= Scopf von dem lône =

Medieval German poem

Scopf von dem lône or Scoph von dem lone is a fragmentary twelfth-century didactic poem in the Allemanic dialect of Early Middle High German, which gives instruction on pious living in the secular world. Generically it is somewhere between a verse sermon and theological tract.

==Title==
The title Scopf von dem lône ('poem of the heavenly reward') was coined by Ernst Martin, and has remained the standard title, though Friedrich Maurer and others found it "unfortunate" (nicht sehr glücklich). Scopf (spelled scoph in the manuscript) is a rare Middle High German word meaning 'composition', connected to German schöpfen ('create'), and appears as the last word of the poem, part of an epilogue asking the reader to pray for the poet.

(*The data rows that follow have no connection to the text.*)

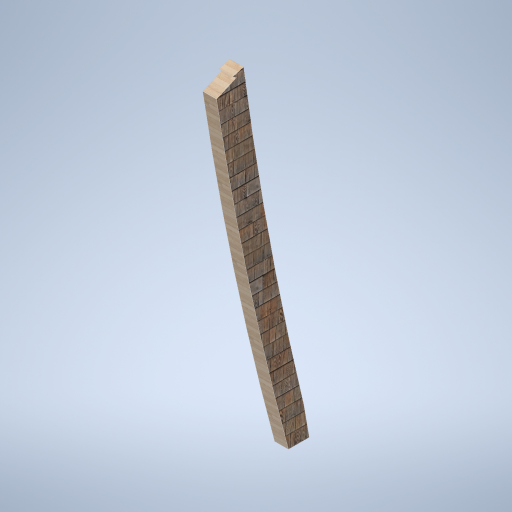
# Autodesk Inventor part: side_curve_beam_02
Saved by Autodesk Inventor 2024.2 (Build 282272000, 272)
## iProperties
Created: 2024-05-24
Part Number: side_curve_beam_02
Material: Wood (Maple)
Document SubType Name: Modeling
Designer: LOSTER_1
Density: 0.67 g/cm^3
Appearance: Natural Maple - Glossy Dark Tint
Author: LOSTER_1
Autodesk Inventor part; units mm, degrees
ref_plane "YZ Plane" through (0, 0, 0) normal (1, 0, 0) x (0, 1, 0)
ref_plane "XZ Plane" through (0, 0, 0) normal (0, 1, 0) x (-1, 0, 0)
ref_plane "XY Plane" through (0, 0, 0) normal (0, 0, 1) x (1, 0, 0)
sketch "Sketch1" plane through (0, 0, 0) normal (1, 0, 0) x (0, 1, 0)
  arc A0 (9232.7828, 59144.361) -> (9262.54, 59039.2764) centre (18869.1867, 61816.3864) ccw
  arc A1 (9080.0173, 59382.0678) -> (9192.4941, 59130.2744) centre (16896.114, 62722.5217) ccw
  arc A2 (9084.1758, 59429.1257) -> (9080.0173, 59382.0678) centre (9125.9944, 59401.7175) ccw
  ellipse E0 centre (9878.3873, 58718.5093) end of major axis (9878.3658, 59518.5093) minor radius 800 (9223.5152, 59178.0117) -> (9192.4941, 59130.2744) ccw
  arc A3 (9223.5152, 59178.0117) -> (9262.54, 59039.2764) centre (18869.1867, 61816.3864) ccw
  arc A4 (9262.54, 59039.2764) -> (5186.343, 58278.9896) centre (14548.8436, 19390.1277) ccw
  arc A5 (9080.0173, 59382.0678) -> (5136.0959, 58563.9551) centre (15222.25, 19856.4688) ccw
  line L0 (5186.343, 58278.9896) -> (4792.4199, 58209.5304)
  line L1 (4792.4199, 58209.5304) -> (4792.4199, 58472.769)
  arc A6 (5136.0959, 58563.9551) -> (4792.4199, 58472.769) centre (15222.25, 19856.4688) ccw
  point P0 (0, 0)
  point P1 (9076.1884, 59406.1188)
  point P2 (9232.7828, 59144.361)
  dimension "d0" = 40000
  dimension "d1" = 40000
  dimension "d2" = 400
  constraints: 15 point on circle, 7 centre point, 4 end point, 2 coincident, 1 vertical, 4 other
  measures "d0" radius of A4
  measures "d1" radius of A5
  measures "d2" distance of L0.start L0.end
extrude "Extrusion1" add sketch "Sketch1" along normal blind 175
body "Solid1"
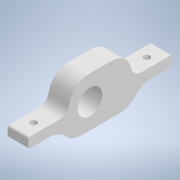
# Autodesk Inventor part: BearingBlocks
Saved by Autodesk Inventor 2021 (Build 250183000, 183)
## iProperties
Created: 2021-05-22
Part Number: BearingBlocks
Material: Generic
Document SubType Name: Modeling
Designer: sami8
Density: 1 g/cm^3
Appearance: Default
Author: sami8
Autodesk Inventor part; units mm, degrees
ref_plane "YZ Plane" through (0, 0, 0) normal (1, 0, 0) x (0, 1, 0)
ref_plane "XZ Plane" through (0, 0, 0) normal (0, 1, 0) x (-1, 0, 0)
ref_plane "XY Plane" through (0, 0, 0) normal (0, 0, 1) x (1, 0, 0)
sketch "Sketch1" plane through (0, 0, 0) normal (1, 0, 0) x (0, 1, 0)
  line L0 (0, 0) -> (-5, 0)
  line L1 (-5, 0) -> (-5, -20)
  line L2 (-5, -20) -> (0, -20)
  line L3 (0, -20) -> (0, 0)
  line L4 (-12, -20) -> (12, -20)
  line L5 (12, -20) -> (12, -50)
  line L6 (12, -50) -> (-12, -50)
  line L7 (-12, -50) -> (-12, -20)
  circle A0 centre (0.5, -34) radius 6
  line L8 (0.5, -19.8614) -> (0.5, -49.8614) construction
  line L9 (0, -50) -> (-5, -50)
  line L10 (-5, -50) -> (-5, -70)
  line L11 (-5, -70) -> (0, -70)
  line L12 (0, -70) -> (0, -50)
  point P0 (0, -20)
  dimension "d0" = 5
  dimension "d1" = 20
  dimension "d7" = 24
  dimension "d8" = 30
  dimension "d9" = 12
  dimension "d10" = 7
  dimension "d11" = 14
  dimension "d12" = 5
  dimension "d13" = 20
  dimension "d26" = 12.5
  constraints: 26 end point, 6 parallel, 3 horizontal, 3 perpendicular, 1 centre point, 1 collinear, 1 midpoint, 1 point on line
  measures "d0" distance of L2.end L1.end
  measures "d1" distance of L1.end L0.end
  measures "d7" distance of L5.end L6.end
  measures "d8" distance of L6.end L4.start
  measures "d9" diameter of A0
  measures "d10" distance between parallel lines of L1 L7
  measures "d11" distance from line of L4 A0.centre
  measures "d12" distance of L11.end L10.end
  measures "d13" distance of L10.end L9.end
  measures "d26" distance between parallel lines of L8 L7
extrude "Extrusion1" add sketch "Sketch1" along normal blind 8.7
sketch "Sketch2" plane through (0, -5, 0) normal (0, -1, 0) x (1, 0, 0)
  line L0 (0, 0) -> (8.7, 0) projected
  line L1 (4.35, 0) -> (4.35, -7.5) construction
  circle A0 centre (4.35, -7.5) radius 1.55
  line L2 (0, -70) -> (8.7, -70) projected
  line L3 (4.35, -70) -> (4.35, -62.5) construction
  circle A1 centre (4.35, -62.5) radius 1.55
  dimension "d17" = 7.5
  dimension "d18" = 3.1
  dimension "d19" = 7.5
  dimension "d20" = 3.1
  constraints: 4 end point, 2 centre point, 2 coincident, 2 midpoint, 2 vertical
  measures "d17" distance of L1.start L1.end
  measures "d18" diameter of A0
  measures "d19" distance of L3.start L3.end
  measures "d20" diameter of A1
extrude "Extrusion2" cut sketch "Sketch2" against normal through all
fillet "Fillet2" radius 10 6 edges at (4.35, 12, -20) (4.35, 12, -50) (4.35, -12, -50) (4.35, -5, -50) (4.35, -5, -20) (4.35, -12, -20)
fillet "Fillet2" radius 5 2 edges at (4.35, 0, -20) (4.35, 0, -50)
fillet "Fillet2" radius 1 4 edges at (4.35, 0, -70) (4.35, -5, -70) (4.35, 0, 0) (4.35, -5, 0)
body "Solid1"

Lôn (dative: lône), means 'payment, reward, punishment, recompense'; Paradise as a reward for piety is one of the themes of the poem, but as Maurer points out, not the major one.

==Themes==
The poet opens with a lament about human wickedness, inherited from Cain. Redemption is possible through Christ, but human fickleness means we are constantly in jeopardy. The poem explores the dangers of being married to an impious husband or wife. A good person delights in God's creation, which includes the hell to which the sinner will be consigned. As an example of goodness we are referred to Martin of Tours dividing his cloak. Like St Martin, the good person will be rewarded in the next life. The tax-collecter Zacchaeus is then cited as an example of a sinner who experienced God's mercy.

==Transmission==
The poem survives in a double-page fragment discovered in Colmar in the late 19th century (Colmar, Archives Départementales du Haut-Rhin, Fragments de Ms. no. 560), which had been glued into the bindings of a 15th-century urbarium. It was first published in 1896 together with the two other works found in the fragments, Crescentia and Cantilena de conversione Sancti Pauli. A thematic coherence between the Cantilena and the Scopf has been identified which would explain their transmission in a single manuscript.